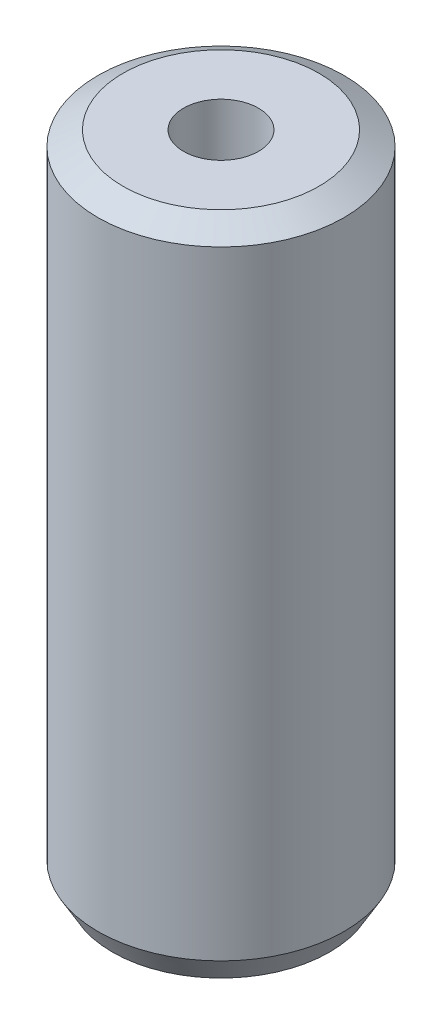
from build123d import *
from OCP.BRepFilletAPI import BRepFilletAPI_MakeChamfer

# Parameters (mm, degrees)
SKETCH1_R           = 10
BOSS_EXTRUDE1_DEPTH = 53.444503897
SKETCH2_R           = 3.044785515
CUT_EXTRUDE1_DEPTH  = 56.283948817
CHAMFER1_SIZE       = 1.177911694
CHAMFER1_SIZE2      = 2.040202901


with BuildPart() as part:
    # Sketch1 → Boss-Extrude1 (new body)
    with BuildSketch(Plane(origin=(0, 0, 0), x_dir=(1, 0, 0), z_dir=(0, 1, 0))):
        Circle(SKETCH1_R)
    extrude(amount=BOSS_EXTRUDE1_DEPTH)

    # Sketch2 → Cut-Extrude1 (cut, through all)
    with BuildSketch(Plane(origin=(0, 0, 0), x_dir=(1, 0, 0), z_dir=(0, 1, 0))):
        Circle(SKETCH2_R)
    extrude(amount=CUT_EXTRUDE1_DEPTH, mode=Mode.SUBTRACT)

    # Chamfer1: one chamfer whose edges measure the first distance from different faces: ONE call of the kernel's chamfer builder (chamfer() names one face for all edges)
    chamfer1_edges_1 = [part.edges().sort_by_distance(p)[0] for p in [
        (-10, 53.444503897, 0),
    ]]
    chamfer1_side_1 = [part.faces().sort_by_distance(p)[0] for p in [
        (-10, 26.722251949, 0),
    ]]
    chamfer1_edges_2 = [part.edges().sort_by_distance(p)[0] for p in [
        (-10, 0, 0),
    ]]
    chamfer1_side_2 = [part.faces().sort_by_distance(p)[0] for p in [
        (-9.717157288, 0, 0),
    ]]
    chamfer1 = BRepFilletAPI_MakeChamfer(part.part.solid().wrapped)
    for e in chamfer1_edges_1:
        chamfer1.Add(CHAMFER1_SIZE, CHAMFER1_SIZE2, e.wrapped, chamfer1_side_1[0].wrapped)  # the first distance lies on this face
    for e in chamfer1_edges_2:
        chamfer1.Add(CHAMFER1_SIZE, CHAMFER1_SIZE2, e.wrapped, chamfer1_side_2[0].wrapped)  # the first distance lies on this face
    add(Compound.cast(chamfer1.Shape()), mode=Mode.REPLACE)


solid = part.part

^^^^^^^^

> **Task goal**
Only the pictures in the listing above get left out; print everything else exactly.

> **Answer for this exercise**
from build123d import *
from OCP.BRepFilletAPI import BRepFilletAPI_MakeChamfer

# Parameters (mm, degrees)
SKETCH1_R           = 10
BOSS_EXTRUDE1_DEPTH = 53.444503897
SKETCH2_R           = 3.044785515
CUT_EXTRUDE1_DEPTH  = 56.283948817
CHAMFER1_SIZE       = 1.177911694
CHAMFER1_SIZE2      = 2.040202901


with BuildPart() as part:
    # Sketch1 → Boss-Extrude1 (new body)
    with BuildSketch(Plane(origin=(0, 0, 0), x_dir=(1, 0, 0), z_dir=(0, 1, 0))):
        Circle(SKETCH1_R)
    extrude(amount=BOSS_EXTRUDE1_DEPTH)

    # Sketch2 → Cut-Extrude1 (cut, through all)
    with BuildSketch(Plane(origin=(0, 0, 0), x_dir=(1, 0, 0), z_dir=(0, 1, 0))):
        Circle(SKETCH2_R)
    extrude(amount=CUT_EXTRUDE1_DEPTH, mode=Mode.SUBTRACT)

    # Chamfer1: one chamfer whose edges measure the first distance from different faces: ONE call of the kernel's chamfer builder (chamfer() names one face for all edges)
    chamfer1_edges_1 = [part.edges().sort_by_distance(p)[0] for p in [
        (-10, 53.444503897, 0),
    ]]
    chamfer1_side_1 = [part.faces().sort_by_distance(p)[0] for p in [
        (-10, 26.722251949, 0),
    ]]
    chamfer1_edges_2 = [part.edges().sort_by_distance(p)[0] for p in [
        (-10, 0, 0),
    ]]
    chamfer1_side_2 = [part.faces().sort_by_distance(p)[0] for p in [
        (-9.717157288, 0, 0),
    ]]
    chamfer1 = BRepFilletAPI_MakeChamfer(part.part.solid().wrapped)
    for e in chamfer1_edges_1:
        chamfer1.Add(CHAMFER1_SIZE, CHAMFER1_SIZE2, e.wrapped, chamfer1_side_1[0].wrapped)  # the first distance lies on this face
    for e in chamfer1_edges_2:
        chamfer1.Add(CHAMFER1_SIZE, CHAMFER1_SIZE2, e.wrapped, chamfer1_side_2[0].wrapped)  # the first distance lies on this face
    add(Compound.cast(chamfer1.Shape()), mode=Mode.REPLACE)


solid = part.part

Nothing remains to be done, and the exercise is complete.